DATA FOR REVIEW:
┄┄┄┄┄┄
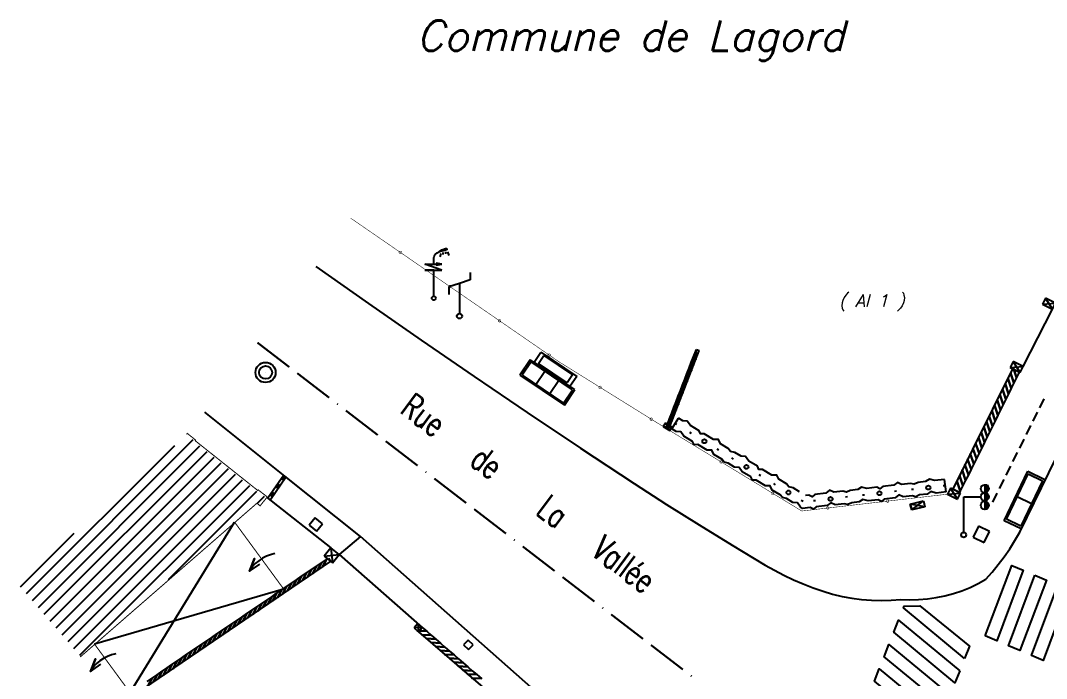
# Model space of a CAD drawing. Extents: x 329973 to 330360, y 136304 to 136475.
# Drawn here: x 329974.23 to 330015.08, y 136360.05 to 136386.24 of the extents above; entities that cross this region are included whole.
import ezdxf
from ezdxf.enums import TextEntityAlignment as Align

# ---------------------------------------------------------------- set-up
doc = ezdxf.new("R2010")
doc.units = 0
for name, color, linetype in [('TOP$BATI', 7, 'Continuous'), ('TOP$BLANC', 7, 'Continuous'), ('TOP$BLEU', 7, 'Continuous'), ('TOP$CADASTRE', 7, 'Continuous'), ('TOP$CARMIN', 7, 'Continuous'), ('TOP$GRIS', 7, 'Continuous'), ('TOP$JAUNE', 7, 'Continuous'), ('TOP$MUR-CLOT', 7, 'Continuous'), ('TOP$REAU', 7, 'Continuous'), ('TOP$RECL', 7, 'Continuous'), ('TOP$REDF', 7, 'Continuous'), ('TOP$ROUGE', 7, 'Continuous'), ('TOP$RPTT', 7, 'Continuous'), ('TOP$RVANNE', 7, 'Continuous'), ('TOP$SIGNAL', 7, 'Continuous'), ('TOP$SYMBDIV', 7, 'Continuous'), ('TOP$TOPO', 7, 'Continuous'), ('TOP$TXTEP', 7, 'Continuous'), ('TOP$VERT', 7, 'Continuous')]:
    doc.layers.add(name, color=color, linetype=linetype)
doc.styles.add('EC7', font='SIMPLEX', dxfattribs={"height": 10})
doc.styles.add('J4', font='SIMPLEX', dxfattribs={"height": 10})
doc.styles.add('J8', font='SIMPLEX', dxfattribs={"height": 10})

# ---------------------------------------------------------------- blocks, each defined once
blk = doc.blocks.new('1S162')
at = {"color": 0}
for p, q in [((0.84, 2.02), (0.84, 1)), ((0.86, 2.02), (0.86, 1)), ((0.86, 2), (0.92, 2)), ((0.86, 1.7), (0.86, 2)), ((0.86, 1.66), (0.88, 1.66)), ((0.86, 1.36), (0.86, 1.66)), ((0.92, 2), (0.88, 1.7)), ((0.88, 1.7), (0.94, 1.7)), ((0.88, 1.66), (0.88, 1.36)), ((0.92, 1.66), (0.94, 1.64)), ((0.92, 1.36), (0.92, 1.66)), ((0.94, 2), (0.96, 1.94)), ((0.94, 1.7), (0.94, 2)), ((0.96, 1.94), (0.94, 1.76)), ((0.94, 1.76), (0.98, 1.78)), ((0.94, 1.64), (0.94, 1.4)), ((0.98, 1.78), (0.98, 1.9)), ((0, 1.52), (0.68, 1.52)), ((0, 0.1), (0, 1.52)), ((0.86, 1.34), (0.88, 1.32)), ((0.86, 1), (0.86, 1.34)), ((0.88, 1.36), (0.92, 1.36)), ((0.88, 1.32), (0.88, 1.04)), ((0.92, 1.32), (0.94, 1.3)), ((0.94, 1.04), (0.92, 1.32)), ((0.94, 1.4), (0.96, 1.42)), ((0.94, 1.3), (0.94, 1.04)), ((0.96, 1.6), (0.98, 1.56)), ((0.96, 1.42), (0.96, 1.6)), ((0.96, 1.28), (0.98, 1.22)), ((0.98, 1.08), (0.96, 1.28)), ((0.98, 1.56), (0.98, 1.44)), ((0.86, 1), (0.86, 1)), ((0.88, 1.04), (0.94, 1.04)), ((0.94, 1.04), (0.98, 1.08)), ((0.98, 1.22), (0.98, 1.1))]:
    blk.add_line(p, q, dxfattribs=at)
for centre, radius in [((0.84, 1.84), 0.16), ((0.84, 1.52), 0.16), ((0.84, 1.18), 0.16), ((0, 0), 0.1)]:
    blk.add_circle(centre, radius, dxfattribs=at)
blk = doc.blocks.new('3S044')
at = {"color": 0}
for p, q in [((1.046154, 1.090909), (-0.046154, 1.090909)), ((-0.046154, 1.090909), (-0.046154, -0.090909)), ((1.046154, -0.090909), (1.046154, 1.090909)), ((1, 1), (0, 1)), ((0, 1), (0, 0)), ((0.507692, 0), (0.507692, 1)), ((1, 0), (1, 1)), ((0, 0), (1, 0)), ((-0.046154, -0.090909), (1.046154, -0.090909))]:
    blk.add_line(p, q, dxfattribs=at)
blk = doc.blocks.new('2S201')
at = {"color": 0}
for p, q in [((1, 1), (0, 1)), ((0, 1), (0, 0)), ((0, 0), (1, 1)), ((1, 1), (0, 1)), ((0, 1), (1, 0)), ((1, 0), (1, 1)), ((0, 0), (1, 0))]:
    blk.add_line(p, q, dxfattribs=at)
blk = doc.blocks.new('1S088')
at = {"color": 0}
blk.add_line((0, 0), (0, 0), dxfattribs=at)
for radius in [0.4, 0.26]:
    blk.add_circle((0, 0), radius, dxfattribs=at)
blk = doc.blocks.new('2S200')
at = {"color": 0}
for p, q in [((1, 1), (0, 1)), ((0, 1), (0, 0)), ((0, 0), (1, 0)), ((1, 0), (1, 1))]:
    blk.add_line(p, q, dxfattribs=at)
blk = doc.blocks.new('3S200')
at = {"color": 0}
for p, q in [((1, 1), (0, 1)), ((0, 1), (0, 0)), ((0, 0), (1, 0)), ((1, 0), (1, 1))]:
    blk.add_line(p, q, dxfattribs=at)
blk = doc.blocks.new('2S072')
at = {"color": 0}
for p, q in [((1, 1), (0, 1)), ((0, 1), (0, 0)), ((0, 0), (1, 1)), ((1, 1), (0, 1)), ((0, 1), (1, 0)), ((0, 0), (1, 0)), ((1, 0), (1, 1))]:
    blk.add_line(p, q, dxfattribs=at)
blk = doc.blocks.new('2S059')
at = {"color": 0}
for p, q in [((1, 1), (0, 1)), ((0, 1), (0, 0)), ((1, 0), (1, 1)), ((0, 0), (1, 0)), ((0.5, 0.5), (0.5, 0.5))]:
    blk.add_line(p, q, dxfattribs=at)
blk = doc.blocks.new('1S060')
at = {"color": 0}
for p, q in [((0, 1.6), (0.02, 1.66)), ((0.02, 1.66), (0.06, 1.74)), ((0.06, 1.74), (0.14, 1.8)), ((0.14, 1.8), (0.22, 1.86)), ((0.26, 1.86), (0.2, 1.84)), ((0.22, 1.86), (0.32, 1.92)), ((0.28, 1.78), (0.24, 1.64)), ((0.52, 1.92), (0.26, 1.86)), ((0.32, 1.92), (0.46, 1.98)), ((0.36, 1.82), (0.36, 1.74)), ((0.46, 1.98), (0.5, 1.98)), ((0.46, 1.84), (0.46, 1.76)), ((0.5, 1.98), (0.52, 1.98)), ((0.52, 1.98), (0.52, 1.96)), ((0.52, 1.96), (0.52, 1.94)), ((0.52, 1.94), (0.52, 1.92)), ((0.54, 1.84), (0.6, 1.7)), ((0.32, 1.12), (-0.36, 1.36)), ((-0.36, 1.36), (0.32, 1.36)), ((0, 1.36), (0, 1.6)), ((0.32, 1.36), (0.1, 1.4)), ((0.1, 1.32), (0.32, 1.36)), ((0, 1.12), (-0.36, 1.12)), ((-0.36, 1.12), (0.32, 1.12)), ((0, 0.08), (0, 1.12))]:
    blk.add_line(p, q, dxfattribs=at)
blk.add_circle((0, 0), 0.08, dxfattribs=at)
blk = doc.blocks.new('1S041')
at = {"color": 0}
for p, q in [((0.42, 1.74), (0.42, 1.44)), ((0, 1.3), (-0.42, 1.16)), ((0.42, 1.44), (0, 1.3)), ((0, 1.3), (0, 0.1)), ((-0.42, 1.16), (-0.42, 0.86))]:
    blk.add_line(p, q, dxfattribs=at)
blk.add_circle((0, 0), 0.1, dxfattribs=at)
blk = doc.blocks.new('3S048')
at = {"color": 0}
for p, q in [((1, 1), (0, 1)), ((0, 1), (0, 0)), ((0, 0), (1, 1)), ((1, 0), (0, 1)), ((1, 0), (1, 1)), ((1, 1), (1, 0)), ((0, 0), (1, 0))]:
    blk.add_line(p, q, dxfattribs=at)
blk = doc.blocks.new('3S072')
at = {"color": 0}
for p, q in [((1, 1), (0, 1)), ((0, 1), (0, 0)), ((0, 0), (1, 1)), ((1, 1), (0, 1)), ((0, 1), (1, 0)), ((1, 0), (1, 1)), ((0, 0), (1, 0))]:
    blk.add_line(p, q, dxfattribs=at)
blk = doc.blocks.new('3S045')
at = {"color": 0}
for p, q in [((1.04, 1.085714), (-0.04, 1.085714)), ((-0.04, 1.085714), (-0.04, -0.085714)), ((1.04, -0.085714), (1.04, 1.085714)), ((1, 1), (0, 1)), ((0, 1), (0, 0)), ((0.333333, 0), (0.333333, 1)), ((0.666667, 1), (0.666667, 0)), ((1, 0), (1, 1)), ((0, 0), (1, 0)), ((-0.04, -0.085714), (1.04, -0.085714))]:
    blk.add_line(p, q, dxfattribs=at)
blk = doc.blocks.new('3S046')
at = {"color": 0}
for p, q in [((1, 1), (0, 1)), ((0, 1), (0, 0)), ((1, 0), (1, 1)), ((0.9, 0.9), (0.1, 0.9)), ((0.1, 0.9), (0.1, 0.1)), ((0.9, 0.1), (0.9, 0.9)), ((0, 0), (1, 0)), ((0.1, 0.1), (0.9, 0.1))]:
    blk.add_line(p, q, dxfattribs=at)

msp = doc.modelspace()

# ---------------------------------------------------------------- linework, layer by layer
at = {"layer": 'TOP$BATI', "const_width": 0.04}
msp.add_lwpolyline([(329982.752, 136366.277), (329984.697, 136363.624)], dxfattribs=at)
at = {"layer": 'TOP$BATI', "const_width": 0.04, "elevation": 9.923}
msp.add_lwpolyline([(329977.173, 136361.424), (329978.592, 136359.488)], dxfattribs=at)
at = {"layer": 'TOP$BLANC', "color": 8}
for points in [[(330012.639, 136361.743), (330013.697, 136364.553), (330014.157, 136364.357), (330013.101, 136361.548), (330012.639, 136361.743)], [(330014.618, 136364.161), (330015.078, 136363.965), (330014.025, 136361.157), (330013.563, 136361.353), (330014.618, 136364.161)], [(330015.538, 136363.77), (330015.999, 136363.574), (330014.949, 136360.767), (330014.487, 136360.962), (330015.538, 136363.77)], [(330011.821, 136360.846), (330009.382, 136362.86), (330009.409, 136362.925), (330010.039, 136362.94), (330012.013, 136361.332), (330011.821, 136360.846)], [(330011.629, 136360.36), (330011.437, 136359.874), (330008.998, 136361.888), (330009.19, 136362.374), (330011.629, 136360.36)], [(330011.245, 136359.388), (330011.053, 136358.902), (330008.614, 136360.916), (330008.806, 136361.402), (330011.245, 136359.388)], [(330010.861, 136358.416), (330010.67, 136357.93), (330008.231, 136359.944), (330008.422, 136360.43), (330010.861, 136358.416)]]:
    msp.add_lwpolyline(points, dxfattribs=at)
at = {"layer": 'TOP$BLEU', "elevation": 8.429}
msp.add_lwpolyline([(330014.152, 136372.47), (330015.316, 136374.749)], dxfattribs=at)
at = {"layer": 'TOP$BLEU', "color": 7}
for points, elevation in [([(330014.815, 136370.83), (330014.993, 136371.188)], 5.486), ([(330014.548, 136370.293), (330014.726, 136370.651)], 5.918), ([(330014.28, 136369.756), (330014.459, 136370.114)], 6.349), ([(330014.013, 136369.219), (330014.191, 136369.577)], 6.781), ([(330013.746, 136368.682), (330013.924, 136369.04)], 7.213), ([(330013.479, 136368.144), (330013.657, 136368.502)], 7.645), ([(330013.211, 136367.607), (330013.389, 136367.965)], 8.076), ([(330012.944, 136367.07), (330013.122, 136367.428)], 8.508)]:
    msp.add_lwpolyline(points, dxfattribs=dict(at, elevation=elevation))
at = {"layer": 'TOP$BLEU'}
for points in [[(329984.027, 136367.272), (329986.581, 136365.256)], [(329986.919, 136364.99), (329990.222, 136362.085)]]:
    msp.add_lwpolyline(points, dxfattribs=at)
at = {"layer": 'TOP$CADASTRE', "color": 1, "const_width": 0.08}
for points, elevation in [([(329983.664, 136373.42), (329984.933, 136372.445)], 8.863), ([(329985.25, 136372.202), (329986.519, 136371.227)], 8.376), ([(329986.836, 136370.983), (329986.868, 136370.959)], 7.889), ([(329987.185, 136370.715), (329988.454, 136369.74)], 7.782), ([(329988.771, 136369.496), (329990.04, 136368.522)], 7.295), ([(329990.357, 136368.278), (329990.388, 136368.254)], 6.807), ([(329990.706, 136368.01), (329991.974, 136367.035)], 6.7), ([(329992.292, 136366.791), (329993.56, 136365.817)], 6.213), ([(329993.878, 136365.573), (329993.909, 136365.549)], 5.726), ([(329994.227, 136365.305), (329995.495, 136364.33)], 5.619), ([(329995.812, 136364.086), (329997.081, 136363.112)], 5.132), ([(329997.398, 136362.868), (329997.43, 136362.844)], 4.645), ([(329997.747, 136362.6), (329999.016, 136361.625)], 4.538), ([(329999.333, 136361.381), (330000.602, 136360.407)], 4.051), ([(330000.919, 136360.163), (330000.951, 136360.138)], 3.563)]:
    msp.add_lwpolyline(points, dxfattribs=dict(at, elevation=elevation))
at = {"layer": 'TOP$CARMIN', "color": 0}
for points, elevation in [([(329999.985, 136370.165), (330000.072, 136370.388), (330000.076, 136370.065), (330000.072, 136370.388), (330000.159, 136370.612), (330000.162, 136370.289), (330000.159, 136370.612), (330000.245, 136370.836), (330000.249, 136370.513), (330000.245, 136370.836), (330000.332, 136371.06), (330000.336, 136370.737), (330000.332, 136371.06), (330000.419, 136371.283), (330000.422, 136370.96), (330000.419, 136371.283), (330000.506, 136371.507), (330000.509, 136371.184), (330000.506, 136371.507), (330000.592, 136371.731), (330000.596, 136371.408), (330000.592, 136371.731), (330000.679, 136371.955), (330000.683, 136371.632), (330000.679, 136371.955), (330000.766, 136372.179), (330000.769, 136371.855), (330000.766, 136372.179), (330000.853, 136372.402), (330000.856, 136372.079), (330000.853, 136372.402), (330000.939, 136372.626), (330000.943, 136372.303), (330000.939, 136372.626), (330001.026, 136372.85), (330001.03, 136372.527), (330001.026, 136372.85), (330001.113, 136373.074), (330001.116, 136372.751), (330001.113, 136373.074), (330001.143, 136373.152)], 9.032), ([(330000.097, 136370.121), (330001.255, 136373.109)], 9.032), ([(330013.727, 136372.379), (330011.346, 136367.583)], 8.609), ([(330013.996, 136372.246), (330013.889, 136372.031), (330013.754, 136372.433), (330013.889, 136372.031), (330013.783, 136371.816), (330013.647, 136372.218), (330013.783, 136371.816), (330013.676, 136371.601), (330013.541, 136372.003), (330013.676, 136371.601), (330013.569, 136371.386), (330013.434, 136371.788), (330013.569, 136371.386), (330013.463, 136371.171), (330013.327, 136371.573), (330013.463, 136371.171), (330013.356, 136370.956), (330013.221, 136371.358), (330013.356, 136370.956), (330013.249, 136370.741), (330013.114, 136371.143), (330013.249, 136370.741), (330013.142, 136370.526), (330013.007, 136370.928), (330013.142, 136370.526), (330013.036, 136370.311), (330012.9, 136370.713), (330013.036, 136370.311), (330012.929, 136370.096), (330012.794, 136370.498), (330012.929, 136370.096), (330012.822, 136369.881), (330012.687, 136370.283), (330012.822, 136369.881), (330012.716, 136369.666), (330012.58, 136370.068), (330012.716, 136369.666), (330012.609, 136369.451), (330012.474, 136369.853), (330012.609, 136369.451), (330012.502, 136369.236), (330012.367, 136369.638), (330012.502, 136369.236), (330012.395, 136369.021), (330012.26, 136369.423), (330012.395, 136369.021), (330012.289, 136368.806), (330012.153, 136369.208), (330012.289, 136368.806), (330012.182, 136368.591), (330012.047, 136368.993), (330012.182, 136368.591), (330012.075, 136368.376), (330011.94, 136368.779), (330012.075, 136368.376), (330011.969, 136368.161), (330011.833, 136368.564), (330011.969, 136368.161), (330011.862, 136367.946), (330011.727, 136368.349), (330011.862, 136367.946), (330011.755, 136367.731), (330011.62, 136368.134), (330011.755, 136367.731), (330011.648, 136367.517), (330011.513, 136367.919), (330011.648, 136367.517), (330011.615, 136367.449)], 8.609), ([(330013.996, 136372.246), (330013.727, 136372.379)], 8.609), ([(329999.985, 136370.165), (330000.097, 136370.121)], 9.032), ([(330011.615, 136367.449), (330011.346, 136367.583)], 8.609), ([(329990.222, 136362.085), (329990.404, 136361.928), (329990.026, 136361.95), (329990.404, 136361.928), (329990.585, 136361.771), (329990.208, 136361.793), (329990.585, 136361.771), (329990.767, 136361.614), (329990.389, 136361.636), (329990.767, 136361.614), (329990.948, 136361.457), (329990.571, 136361.479), (329990.948, 136361.457), (329991.13, 136361.3), (329990.753, 136361.322), (329991.13, 136361.3), (329991.311, 136361.143), (329990.934, 136361.166), (329991.311, 136361.143), (329991.493, 136360.986), (329991.116, 136361.009), (329991.493, 136360.986), (329991.675, 136360.829), (329991.297, 136360.852), (329991.675, 136360.829), (329991.856, 136360.673), (329991.479, 136360.695), (329991.856, 136360.673), (329992.038, 136360.516), (329991.66, 136360.538), (329992.038, 136360.516), (329992.219, 136360.359), (329991.842, 136360.381), (329992.219, 136360.359), (329992.401, 136360.202), (329992.024, 136360.224), (329992.401, 136360.202), (329992.582, 136360.045), (329992.205, 136360.067), (329992.582, 136360.045)], 9.021), ([(329990.222, 136362.085), (329990.072, 136361.911)], 9.021), ([(329990.072, 136361.911), (329993.109, 136359.286)], 9.021)]:
    msp.add_lwpolyline(points, dxfattribs=dict(at, elevation=elevation))
msp.add_lwpolyline([(330001.143, 136373.152), (330001.255, 136373.109)], dxfattribs=at)
at = {"layer": 'TOP$GRIS'}
for points, elevation in [([(329985.991, 136376.452), (329988.082, 136374.981), (329990.181, 136373.522), (329992.289, 136372.076), (329994.406, 136370.642), (329996.531, 136369.222), (329998.665, 136367.814), (329999.954, 136366.98), (330001.253, 136366.16), (330002.561, 136365.356), (330003.878, 136364.567), (330004.246, 136364.358), (330004.622, 136364.163), (330005.004, 136363.981), (330005.393, 136363.813), (330005.788, 136363.66), (330006.188, 136363.521), (330006.564, 136363.409), (330006.945, 136363.317), (330007.331, 136363.245), (330007.72, 136363.194), (330008.111, 136363.163), (330008.504, 136363.153), (330008.896, 136363.164), (330009.287, 136363.196), (330009.639, 136363.183), (330009.991, 136363.19), (330010.342, 136363.219), (330010.69, 136363.269), (330011.035, 136363.34), (330011.375, 136363.432), (330011.709, 136363.544), (330012.036, 136363.676), (330012.354, 136363.827), (330012.662, 136363.997), (330012.918, 136364.287), (330013.163, 136364.588), (330013.395, 136364.897), (330013.615, 136365.216), (330013.823, 136365.543), (330014.017, 136365.878), (330019.475, 136377.039)], 8.644), ([(329995.36, 136358.984), (329987.763, 136365.707), (329984.757, 136368.11), (329981.565, 136370.653)], 9.335)]:
    msp.add_lwpolyline(points, dxfattribs=dict(at, elevation=elevation))
at = {"layer": 'TOP$JAUNE', "const_width": 0.02, "elevation": 8.91}
msp.add_lwpolyline([(329987.376, 136378.375), (329989.352, 136377.013), (329991.328, 136375.65), (329993.304, 136374.288), (329995.279, 136372.926), (329995.659, 136372.664), (329997.306, 136371.64), (329999.344, 136370.373), (329999.823, 136370.075)], dxfattribs=at)
at = {"layer": 'TOP$JAUNE', "const_width": 0.02}
for points, elevation in [([(329989.302, 136377.013, 1), (329989.402, 136377.013, 1)], 6.785), ([(329991.278, 136375.65, 1), (329991.378, 136375.65, 1)], 4.659), ([(329993.254, 136374.288, 1), (329993.354, 136374.288, 1)], 2.534), ([(329995.229, 136372.926, 1), (329995.329, 136372.926, 1)], 0.408)]:
    msp.add_lwpolyline(points, format="xyb", close=True, dxfattribs=dict(at, elevation=elevation))
for points in [[(329997.256, 136371.64, 1), (329997.356, 136371.64, 1)], [(329999.294, 136370.373, 1), (329999.394, 136370.373, 1)], [(330002.079, 136368.67, 1), (330002.179, 136368.67, 1)], [(330004.128, 136367.422, 1), (330004.228, 136367.422, 1)], [(330008.708, 136367.111, 1), (330008.808, 136367.111, 1)], [(330006.324, 136366.836, 1), (330006.424, 136366.836, 1)]]:
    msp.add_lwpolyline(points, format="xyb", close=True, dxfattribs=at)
┄┄┄┄┄┄
TASK BRIEF:
If a line in the listing holds the word "ezdxf", list that line.

SOLUTION TO THIS PROBLEM:
import ezdxf
from ezdxf.enums import TextEntityAlignment as Align
doc = ezdxf.new("R2010")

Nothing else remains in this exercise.